# Rabbit Odor?



## CowboyBunnies (Jun 2, 2018)

So I've had 6 bunnies for a while, and over the last few months, the area where their hutches are has accumulated a pretty strong smell. The poo is dug out and spread over the garden regularly, but the smell remains. Any ideas as to how to get rid of it? I thought covering the area in sand might help. And I was going to try and clean the ammonia buildup off the hutch as well. I have two other hutches like this.


----------



## animalmom (Jun 2, 2018)

Well.... for the immediate use I suggest using vinegar.  White vinegar, like you get at the grocery store, will cut a lot of the buildup you have... that white/yellowish stuff on the wood.  My rabbits don't mind the vinegar smell and that doesn't last long at all.  Poor it over the wood, let it sit for a few minutes and then scrub it with a brush, rinse and splash more vinegar on it.  You don't need to rinse off the last splash of vinegar.  I use the vinegar full strength.

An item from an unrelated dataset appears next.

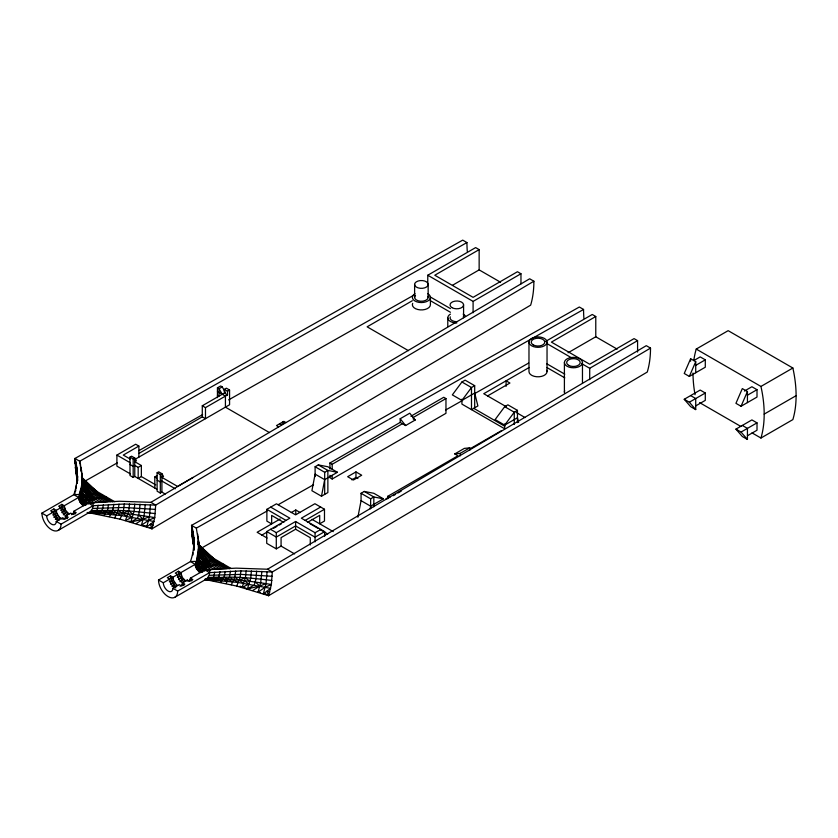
<?xml version="1.0" encoding="UTF-8"?>
<svg xmlns="http://www.w3.org/2000/svg" width="838" height="838" viewBox="0 0 838 838"><rect width="100%" height="100%" fill="white"/><g stroke="black" fill="none" stroke-linecap="round" stroke-linejoin="round"><path stroke-width="1.26" d="M217.451 397.652L217.44 387.816L220.635 385.972L222.227 386.894L225.422 392.425L202.283 405.781L202.283 416.832L139.077 453.327M71.419 514.679L73.178 513.673L73.817 511.274L88.179 502.978L119.488 501.25L150.892 502.339L529.668 278.782L533.89 281.222L155.679 505.105L124.275 504.015L92.966 505.743L61.048 524.169A13.544 7.814 60 0 1 51.474 529.7A13.544 7.814 60 0 1 41.9 513.118L73.817 494.692C77.903 483.107 78.343 470.286 74.938 458.48L462.712 240.129L466.934 242.559A111.37 64.306 60 0 0 467.3 251.473M85.267 505.157L83.391 505.743L80.008 502.172C85.696 489.245 81.674 474.622 79.725 461.246L74.938 458.48L75.86 472.045L77.484 481.546M189.032 581.268L190.436 578.168L204.797 569.871L236.117 568.143L267.511 569.222L646.287 345.675L650.508 348.105L272.298 571.987L240.904 570.908L209.584 572.637L177.666 591.062A13.544 7.814 60 0 1 168.092 596.593A13.544 7.814 60 0 1 158.518 580.011L190.436 561.575C194.531 550 194.971 537.179 191.556 525.374L579.341 307.012L583.552 309.452A111.37 64.306 60 0 0 583.918 318.367M198.616 546.271C198.721 554.976 191.902 566.75 202.817 571.746L200.01 572.637L196.626 569.065C202.314 556.139 198.292 541.516 196.343 528.139L191.556 525.374L192.478 538.939L194.112 548.429M74.938 458.48L77.484 480.719M194.112 547.602L191.556 525.374M146.221 525.96L141.423 525.258L148.609 520.293L154.758 517.601C132.802 514.029 110.438 511.075 88.179 512.563L120.096 519.172L152.013 528.778L154.758 517.601L155.679 505.105L150.892 502.339M260.44 592.497L258.041 592.152L265.237 587.187L271.376 584.484C249.452 580.996 226.92 577.853 204.797 579.446L236.714 586.066L268.631 595.671L271.376 584.484L272.298 571.987L267.511 569.222M77.567 479.231L77.086 470.547L77.295 483.453L77.044 479.65M194.039 545.004L193.704 537.441L194.018 543.621M150.473 504.727L149.415 516.69L146.723 526.987L154.045 521.487L121.185 515.538L88.179 512.563M267.092 571.61L266.034 583.573L263.342 593.87L270.664 588.37L237.814 582.431L204.797 579.446C226.878 575.13 249.651 577.822 271.889 580.462M145.246 504.424L144.052 515.852L141.423 525.258M261.875 571.317L260.681 582.745L258.041 592.152M140.019 504.204L139.412 511.746L137.683 518.146L130.77 522.053L128.748 521.058M256.638 571.097L256.04 578.629L254.302 585.039L247.388 588.946L243.334 586.946M134.771 504.067L134.101 511.295L130.77 522.053L133.357 522.001M251.4 570.961L250.73 578.178L247.388 588.946L249.975 588.884M129.523 504.005L128.79 510.918L125.428 520.576L132.195 517.203L127.889 513.841M246.152 570.888L245.408 577.811L242.056 587.469L240.118 586.129M194.018 548.429L193.913 550.346L193.662 546.533M110.323 501.616L94.642 492.304L81.475 477.073L96.957 491.466L89.561 495.415L82.501 501.972L80.008 502.172C76.488 494.912 83.266 487.171 81.998 479.378M124.275 504.015L123.469 510.625L120.096 519.172M240.904 570.908L240.087 577.518L236.714 586.066M119.038 504.109L118.148 510.405L114.754 517.863M235.656 571.003L234.766 577.298L231.372 584.746M75.86 472.045L76.206 470.191L75.347 467.426L76.866 476.675L76.447 475.963M192.478 538.939L192.824 537.085L191.965 534.309L193.484 543.569L193.075 542.856M113.8 504.287L112.837 510.279L109.411 516.627M230.419 571.17L229.455 577.162L226.04 583.52M108.563 504.528L107.526 510.216L104.09 515.485M225.181 571.422L224.144 577.11L220.708 582.368M103.346 504.864L102.226 510.248L98.769 514.417L93.657 512.846L93.468 513.443M219.965 571.746L218.854 577.131L215.387 581.31M98.151 505.262L96.946 510.352L93.657 512.846M214.769 572.155L213.564 577.235L210.087 580.336M58.241 530.37L90.158 511.945L92.641 508.425L93.364 502.496M174.87 597.264L206.787 578.838L209.259 575.308L209.982 569.39M63.447 519.288L65.196 518.272L65.835 515.883A6.767 3.907 60 0 1 61.048 507.587L58.66 506.204L61.844 504.361L64.243 505.743L65.647 510.468L69.03 514.04M77.599 477.534L76.206 470.191L77.442 475.775L76.834 472.569M88.011 504.319L88.179 502.978L92.966 505.743M180.065 586.181L181.815 585.165L182.454 582.766A6.767 3.907 60 0 1 177.666 574.48L175.278 573.098L178.473 571.254L180.861 572.637L182.265 577.351L185.648 580.933M194.049 542.825L193.473 539.347L194.018 543.736L192.824 537.085L194.06 542.668L193.463 539.452M204.64 571.212L204.797 569.871L209.584 572.637M81.066 500.359L79.243 500.59L82.386 487.758L81.695 473.983L83.224 488.502L89.561 495.415L99.9 502.004L107.767 501.553L93.427 492.901L82.145 479.346L81.695 475.974M197.684 567.242L195.862 567.483L195.39 565.87L196.186 561.366L190.436 561.575L195.223 564.341L180.861 572.637M324.683 479.65L315.109 474.13L311.914 490.712L321.488 496.232L324.683 479.65L337.452 472.286L327.868 466.756L318.293 464.912L315.109 466.756L315.109 476.581M357.878 517.245L361.063 500.663L361.063 493.289L364.258 491.445L373.832 493.289L383.406 498.82L370.637 506.183L370.145 508.739M76.572 476.759L77.725 480.352M193.19 543.642L193.473 545.098M53.873 508.97L56.261 510.352L56.9 513.485L59.812 517.737L59.194 520.052L55.968 516.051L53.873 508.97L50.678 510.813L53.066 512.196L54.47 516.91L57.853 520.492M65.039 516.679L67.166 515.443L67.794 513.139M170.491 575.863L172.879 577.246L173.529 580.378L176.43 584.631L175.812 586.946L172.597 582.934L170.491 575.863L167.296 577.707L169.695 579.089C169.905 582.777 172.157 586.59 175.718 587.909M184.412 580.022L183.794 582.337L179.426 575.957L178.473 571.254M78.772 498.977L81.642 487.926L82.019 476.351M195.39 565.87L198.271 554.819L198.637 543.234M198.292 565.095L197.569 566.802L200.586 567.316L204.755 570.416M695.718 372.742L695.718 361.681L690.617 358.737L684.237 373.476L689.339 376.419L705.292 367.212L705.292 359.837L700.191 356.894L693.812 360.581M689.339 376.419L695.718 361.681M741.043 406.273L747.433 391.535L742.321 388.591L735.942 403.329L741.043 406.273L757.007 397.065L757.007 389.691L751.895 386.747L744.448 391.042M58.66 516.522L55.329 519.455M66.631 511.913L63.311 514.846M175.278 583.416L171.947 586.338M183.26 578.807L179.929 581.74M461.916 381.992L452.342 394.887L461.916 400.417L474.685 393.043L477.88 405.948L471.49 409.635L471.49 387.523L461.916 381.992L465.111 380.148L474.685 385.679L474.685 407.792M461.916 400.417L471.49 387.523L474.685 385.679M517.455 422.656L517.455 410.369L507.88 404.838L504.686 406.681L495.111 419.587L504.686 425.107L517.455 417.743L518.617 422.425M504.686 425.107L514.26 412.212L517.455 410.369M199.36 545.779L198.093 543.967L211.26 559.187L226.941 568.51L216.518 568.887L206.19 562.298L199.853 555.395L198.093 543.967L213.575 558.359L206.19 562.298L197.621 570.51L200.921 570.458L213.292 565.095L222.751 563.649M136.102 523.614L143.162 519.183L149.415 516.69M252.72 590.507L259.78 586.066L266.034 583.573M149.751 527.479L152.013 528.778L530.653 305.147A111.433 64.337 60 0 0 533.89 281.222M264.965 593.555L268.631 595.671L647.271 372.041A111.433 64.337 60 0 0 650.508 348.105M222.227 386.894L219.032 388.738L217.44 387.816M224.301 391.838L224.301 389.387L226.375 388.183L229.57 390.026L229.57 404.764L134.426 459.695M427.768 284.092L427.768 275.231L475.638 247.587L479.147 249.619L479.147 269.888L452.53 285.255M130.456 473.952L116.901 466.127L116.901 455.076L135.683 444.234L138.878 446.067L138.878 457.129M224.301 389.387L227.496 391.22L229.57 390.026M138.878 446.067L123.291 455.076L130.068 458.983M202.283 405.781L205.478 407.624L227.496 394.908L227.496 391.22M479.147 249.619L434.786 275.231L473.093 297.343L517.455 271.732L520.964 273.754L520.964 283.893M156.758 489.141L134.771 476.445L133.179 477.367L129.984 475.523L129.984 457.098L131.587 456.176L134.771 458.019L136.374 460.785L134.771 461.707M129.984 457.098L133.179 458.941L134.771 458.019L134.771 476.445M412.338 300.716L367.128 326.82L408.462 350.682M51.987 512.489L54.114 511.264L56.429 511.882M59.969 507.88L62.096 506.655L64.4 507.273M41.9 513.118L46.687 515.883L53.066 512.196M56.261 510.352L61.048 507.587M64.243 505.743L78.604 497.458L73.817 494.692L79.558 494.472L80.857 500.129L86.199 504.864L82.155 504.843L94.684 498.83L106.133 496.766M52.7 514.899L56.9 513.485M60.682 510.3L64.882 508.886M129.984 464.472L133.179 466.316L134.771 465.394L138.176 467.353L141.36 465.509L141.36 476.571L155.774 484.888M53.842 517.276L57.665 515.077M61.823 512.667L65.647 510.468M46.687 515.883A6.767 3.907 60 0 0 51.474 524.169A6.767 3.907 60 0 0 56.261 521.414L62.641 517.727L65.039 519.11L68.234 517.266L65.835 515.883L70.622 513.118L73.021 514.501L76.206 512.657L73.817 511.274M141.36 476.571L138.176 478.404L138.176 467.353M165.254 494.043L161.902 492.116L160.309 493.037L157.115 491.194L157.115 472.768L158.717 471.846L161.902 473.68L163.504 476.445L161.902 477.367M154.8 488.009L154.8 476.948L156.926 475.722M157.115 472.768L160.309 474.601L161.902 473.68L161.902 492.116M427.768 275.231L473.093 301.397L520.964 273.754M193.138 477.398L177.541 486.396L161.242 476.99M400.197 422.415L400.197 418.728L409.772 413.207L415.198 420.016L405.623 425.547L400.197 422.415L329.942 462.974L329.942 469.123M410.903 416.235L443.731 397.285L445.963 398.574L445.963 413.312L332.183 479.011L329.942 477.723L329.942 475.261M329.942 462.974L332.183 464.262L402.439 423.703M413.144 417.523L445.963 398.574M545.496 341.475L592.257 314.48L595.776 316.502L595.776 336.771L568.049 352.788M315.109 466.756L324.683 472.286L327.868 470.443L337.452 472.286M595.776 316.502L551.414 342.114L589.711 364.226L634.073 338.615L637.582 340.647L637.582 352.044M283.82 522.441L271.659 515.422L271.659 523.897L266.872 521.131L266.872 509.336L276.456 503.816L295.605 514.867L314.91 503.722L324.484 509.253L324.484 521.037L319.697 523.802L319.697 515.328L307.41 522.42M529.197 367.473L483.746 393.713L506.089 406.608M168.606 579.372L170.732 578.147L173.047 578.765M158.518 580.011L163.305 582.766L169.695 579.089M172.879 577.246L177.666 574.48M355.961 471.909L347.665 476.707L353.406 480.017L361.702 475.23L355.961 471.909L355.961 477.44L351.813 479.839M487.58 395.924L509.923 383.029L506.089 380.819L506.089 386.339M169.328 581.792L173.529 580.378M177.3 577.183L181.5 575.769M280.175 518.984L257.14 532.277L267.081 538.027M291.289 512.563L295.762 509.986L300.182 512.542M321.488 496.232L327.868 492.555L327.868 470.443L318.293 464.912M170.46 584.17L174.283 581.96M178.442 579.561L182.265 577.351M294.63 553.928L281.076 546.104L276.289 548.869L266.714 543.338L266.714 531.543L289.854 518.188L270.705 507.126M261.55 535.262L267.071 532.078M273.691 528.254L277.001 526.348M279.211 525.07L281.421 523.792M163.305 582.766A6.767 3.907 60 0 0 168.092 591.062A6.767 3.907 60 0 0 172.879 588.297L179.269 584.61L181.657 585.992L184.852 584.149L182.454 582.766L187.241 580.011L189.639 581.383L192.834 579.55L190.436 578.168M270.548 529.333L276.289 532.654L295.605 521.498L315.067 532.738L320.818 529.427M320.65 507.032L301.345 518.188L324.641 531.638L324.641 536.351M305.179 520.398L324.484 509.253M310.28 544.983L310.28 537.713L295.605 529.239L281.076 537.629L281.076 546.104M581.782 363.702L589.711 368.28L637.582 340.647M361.063 493.289L370.637 498.82L373.832 496.976L383.406 498.82M387.711 498.788L387.711 496.326L457.967 455.767L454.772 453.924L464.346 448.393L469.772 447.848L469.772 450.299M324.641 531.638L315.067 537.168L295.605 525.929L276.289 537.074L266.714 531.543M454.772 453.924L460.198 453.368L469.772 447.848M469.804 448.938L501.501 430.638M385.962 498.82L388.036 497.615M393.347 495.656L395.609 494.347M397.882 493.037L401.276 491.078M693.822 360.434A111.433 64.337 60 0 1 696.242 349.058L728.159 330.664L792.863 368.018A111.433 64.337 60 0 1 796.1 395.683A111.433 64.337 60 0 1 792.863 419.608L760.946 438.033L752.021 432.89M695.718 365.368L705.292 359.837M690.617 395.588L695.718 398.532L695.718 409.593L690.617 406.639L684.237 399.276L700.191 390.058L705.292 393.012L705.292 400.375L695.718 405.906M684.237 399.276L689.339 402.219L705.292 393.012M696.242 349.09L760.946 386.444L792.863 368.018M747.433 395.222L757.007 389.691M742.321 425.442L747.433 428.386L747.433 439.447L742.321 436.493L735.942 429.129L751.895 419.911L757.007 422.865L757.007 430.229L747.433 435.76M760.946 438.033A111.433 64.337 60 0 0 764.183 414.108L796.1 395.683M735.942 429.129L741.043 432.073L757.007 422.865M85.403 480.897L117.268 462.869M138.899 450.645L202.628 414.601M228.638 399.894L414.276 294.903M202.031 547.79L266.893 511.096M278.279 504.665L313.559 484.71M445.575 410.044L462.649 400.386M475.167 393.315L528.652 363.064M466.934 242.559L79.725 461.246L79.767 463.456M196.343 528.139L583.552 309.452M242.056 587.469L248.813 584.086L244.518 580.724M99.146 513.212L91.688 510.531L118.148 510.405L122.495 513.327L128.79 510.918L155.271 513.568M234.766 577.298L239.113 580.21L245.408 577.811L249.913 581.321M80.521 499.081L81.338 498.778L80.186 498.044L81.726 497.646L83.968 500.422L88.137 503.523M197.139 565.975L197.957 565.671L196.815 564.938L199.161 552.064L198.187 537.168M130.77 522.053L143.162 519.183L138.679 515.108M247.388 588.946L259.78 586.066L255.297 581.991M92.662 503.209L94.495 502.831L82.344 495.373L81.014 488.46M210.202 569.913L208.369 570.29C202.712 567.274 197.129 562.329 197.632 555.353M99.9 502.004L97.208 502.36L81.611 492.922L81.726 497.646L80.364 491.477M216.518 568.887L213.837 569.253L198.229 559.805L198.344 564.54L200.586 567.316L200.921 570.458L198.774 571.736L202.817 571.746M92.641 508.425L124.076 507.493L155.575 509.399M209.259 575.308L240.695 574.386L272.203 576.293M90.158 511.945L95.522 511.976L102.226 510.248L110.166 514.207M118.148 510.405L128.79 510.918L133.294 514.427M80.857 500.129L81.705 500.045L81.674 501.051L82.459 500.171L82.501 501.972L80.993 503.628L84.303 503.575L82.344 495.373L85.413 498.998L91.751 503.397M197.475 567.012L198.323 566.928L198.302 567.934L199.077 567.064L199.119 568.855L196.626 569.065L195.862 567.483L196.815 564.938L198.344 564.54L196.982 558.359M87.11 512.5L90.818 513.003M204.964 579.55L207.447 579.896M83.968 500.422L80.94 499.919L81.674 498.201A175.551 8.558 -73.1 0 1 82.449 496.41M178.714 573.538L181.029 574.156M210.275 579.739L215.282 581.3M215.775 580.106L208.306 577.424L218.854 577.131L226.784 581.101M153.124 525.216L150.379 524.232L152.013 528.778M269.752 592.099L267.008 591.125L268.631 595.671M81.831 482.416L83.098 490.796L88.21 496.494L94.684 498.83L83.014 483.924L81.705 475.701M198.449 549.299L199.716 557.689L204.839 563.377L211.302 565.723L199.633 550.807L198.313 540.866M100.895 512.081L104.656 513.673M217.513 578.964L221.274 580.566M62.284 519.172L59.812 517.737M107.526 510.216L115.675 514.836M224.144 577.11L232.294 581.719M595.776 336.771L617.177 349.132M479.147 269.888L500.558 282.238M699.594 402.617L740.865 426.448M546.648 343.423L572.71 358.475M546.648 363.692L564.781 374.167M430.03 296.809L450.425 308.583M546.942 367.547L564.812 377.865M430.323 300.653L450.425 312.27M516.145 412.411L525.08 417.575M504.686 406.681L514.26 412.212L514.26 424.499M473.732 408.336L504.706 426.228M413.071 418.791L415.198 420.016M285.957 422.582L283.82 421.357L276.488 425.589L278.614 426.814M282.867 421.902L284.449 422.813L281.254 424.656L279.672 423.745M224.301 393.064L227.496 394.908M217.451 391.514L225.422 396.112L225.422 407.163L269.501 432.618M217.451 395.201L219.032 396.112L219.032 388.738L222.227 394.269M355.961 477.44L357.878 478.55M387.711 496.326L389.953 497.615M364.258 491.445L373.832 496.976L373.832 506.801M361.063 500.663L370.637 506.183M202.283 416.832L205.478 418.675L205.478 407.624M312.04 519.382L333.252 531.627M310.102 523.792L317.832 528.254M320.032 529.532L327.763 533.984M266.872 509.336L286.03 520.398M134.583 461.591L141.36 465.509M116.901 455.076L130.456 462.901M154.8 476.948L156.758 478.079M175.31 488.795L161.902 481.054L160.309 481.976L157.115 480.132M211.532 557.176L230.911 568.363M93.28 489.35L114.743 501.732M172.879 588.297L177.666 591.062M56.261 521.414L61.048 524.169M229.455 568.677L212.433 558.716L198.093 543.967M112.837 501.784L95.815 491.822L81.475 477.073M224.395 568.436L210.045 559.784L198.774 546.24L198.166 541.736L199.276 548.523L208.788 560.507L221.798 568.489M105.179 501.595L92.17 493.613L82.658 481.63L82.145 479.346M219.179 568.635L207.51 561.345L199.853 555.395M102.561 501.742L90.881 494.451L83.224 488.502M229.455 577.162L237.814 582.431M112.837 510.279L121.185 515.538M200.586 567.316L198.962 562.256L211.113 569.714M239.113 580.21L243.313 583.217M199.716 557.689L206.19 562.298M122.495 513.327L126.695 516.323M83.098 490.796L89.561 495.415M176.43 584.631L177.666 585.532M206.934 553.059L213.575 558.359M92.211 487.685L96.957 491.466M194.06 542.668L191.619 527.982L191.776 530.108M77.442 475.775L74.991 461.099L75.158 463.215M190.278 579.498L191.818 580.87M182.296 584.107L183.836 585.479M73.65 512.615L75.19 513.977M65.678 517.214L67.218 518.586M67.166 515.443L62.808 509.064L61.844 504.361M741.043 432.073L747.433 439.447M689.339 402.219L695.718 409.593M400.197 418.728L405.623 425.547M204.839 563.377L207.227 567.295M88.21 496.494L90.609 500.401M199.633 550.807L203.676 558.37L199.821 553.101L198.491 540.206M83.014 483.924L87.058 491.477L83.203 486.208L81.873 473.313M205.153 568.237L203.445 564.571L199.423 559.973L198.114 552.326M88.535 501.354L86.827 497.688L82.794 493.09L81.496 485.443M192.551 539.421L193.725 542.752M75.933 472.527L77.106 475.869M192.216 536.624L192.75 538.122M75.598 469.73L76.132 471.228M202.031 565.891L203.047 569.295M85.413 498.998L86.429 502.412M80.815 469.353L81.223 471.197L81.108 467.258M191.64 528.883L191.871 529.962M75.011 462L75.252 463.068M77.515 476.801L76.206 470.191M192.824 537.085L193.746 541.83M193.704 540.782L194.091 543.014M77.4 476.843L76.855 472.454L77.473 476.131M77.075 473.889L77.599 476.958M193.505 542.029L194.007 545.161M76.887 475.136L77.557 479.315M193.913 541.704L193.4 534.414M77.295 474.821L76.782 467.52M74.771 491.707L74.98 493.844M193.442 539.567L192.939 531.386M76.824 472.674L76.321 464.493M75.577 488.711L75.776 490.942M192.845 552.588L193.033 554.924M76.216 485.694L76.415 488.03M193.829 543.506L194.018 546.47M77.211 476.613L77.452 480.572M193.85 540.468L194.018 543.558M77.222 473.585L77.452 477.691M192.331 528.369L192.478 533.104M81.569 470.286L81.653 472.747M75.703 461.487L75.86 466.211M197.726 534.152L197.82 537.106M80.49 464.252L80.553 466.337M747.433 391.535L747.433 402.596M690.617 358.737L690.617 361.188M589.711 368.28L589.711 379.687M582.462 362.571A9.029 5.217 0 0 1 568.918 367.086A9.029 5.217 0 0 1 568.918 358.056A9.029 5.217 0 0 1 582.462 362.571L582.462 383.081M564.403 362.571L564.403 392.058M547.036 342.114A9.029 5.217 0 0 1 533.492 346.628A9.029 5.217 0 0 1 533.492 337.609A9.029 5.217 0 0 1 547.036 342.114L547.036 371.601M528.977 342.114L528.977 371.601A9.029 5.217 0 0 0 539.18 376.765A9.029 5.217 0 0 0 546.722 370.249M504.686 423.881L504.686 428.794L461.916 404.105L461.916 399.192M473.093 301.397L473.093 312.794M463.582 304.854L463.582 317.759A6.767 3.907 0 0 0 463.33 316.743M460.198 453.368L460.198 455.83M447.785 317.791L447.785 325.165A9.029 5.217 0 0 0 448.089 326.516M430.407 297.343L430.407 304.707A9.029 5.217 0 0 1 420.205 309.882A9.029 5.217 0 0 1 412.663 303.366M428.155 284.438A6.767 3.907 0 0 1 417.994 287.832A6.767 3.907 0 0 1 417.994 281.055A6.767 3.907 0 0 1 428.155 284.438L428.155 297.343M414.611 284.438L414.611 297.343M370.637 498.82L370.637 508.645M332.183 464.262L332.183 469.186M332.183 475.324L332.183 479.011M324.683 472.286L324.683 494.399M315.067 532.738L315.067 541.882M295.762 509.986L295.762 514.406M295.605 521.498L295.605 529.239M276.289 532.654L276.289 548.869M160.309 474.601L160.309 493.037M133.179 458.941L133.179 477.367M427.925 296.327A6.767 3.907 0 0 1 420.498 301.219A6.767 3.907 0 0 1 415.522 295.385M456.878 321.708A6.767 3.907 0 0 1 450.257 316.827M427.768 293.656A9.029 5.217 0 0 1 427.768 301.031A9.029 5.217 0 0 1 414.999 301.031A9.029 5.217 0 0 1 414.999 293.656M456.815 323.007A9.029 5.217 0 0 1 448.466 319.791A9.029 5.217 0 0 1 450.425 314.114M463.194 314.114A9.029 5.217 0 0 1 465.53 316.45M564.707 393.399A9.029 5.217 0 0 1 564.707 390.707M187.241 580.011A6.767 3.907 60 0 1 187.084 581.342M199.077 563.293A175.551 8.558 -73.1 0 1 199.821 561.628M695.048 394.719A111.433 64.337 60 0 1 693.005 373.015M760.946 386.444A111.433 64.337 60 0 1 764.183 414.108M452.07 307.693A6.767 3.907 0 0 0 463.372 305.87A6.767 3.907 0 0 0 454.992 301.135A6.767 3.907 0 0 0 452.07 307.693M568.698 365.368A6.767 3.907 0 0 0 579.99 363.545A6.767 3.907 0 0 0 571.61 358.811A6.767 3.907 0 0 0 568.698 365.368M533.219 344.879A6.767 3.907 0 0 0 544.543 343.13A6.767 3.907 0 0 0 536.257 338.343A6.767 3.907 0 0 0 533.219 344.879"/></g></svg>

Spalding Labs has a product that I use in my rabbitry that kills odors.  I use this with the rabbits and goats.  It really works well.

Bye Bye Odor is what it is called.  It is a concentrate you mix with water and then spray.  I've used it with new chicks in the house with great success.

www.spalding-labs.com/products/odor_control_products/default.aspx

Unfortunately your choice of wood may make this odor problem ongoing... I won't fault you for using wood, as one must work within one's budget and you want the best for your animals based on what you can afford/do.  So some ideas on how to keep the urine from soaking into the wood would be using a sealant on any wood that the rabbits could not gnaw on.  Maybe a gloss enamel in a light color would work well for you.  Get as much of the build up off the walls as you can, dry out the hutch, and put down a couple coats of enamel or paint... something scrub-able.  That way next time you do a deep clean the buildup, which will still happen, will come off much easier since the urine can't get to the wood.

Your set-up looks good, you are providing your rabbits with air, shade and it looks like you tack up plastic to keep the winter off of them.   Bravo for using their droppings in the garden.  The odor problem can be fixed but it will take some work to do so.  There isn't a magic potion.  Believe me, I've searched for one for a long, long time.

What kind of rabbits are you raising?  I have Cali/NZ crosses for meat.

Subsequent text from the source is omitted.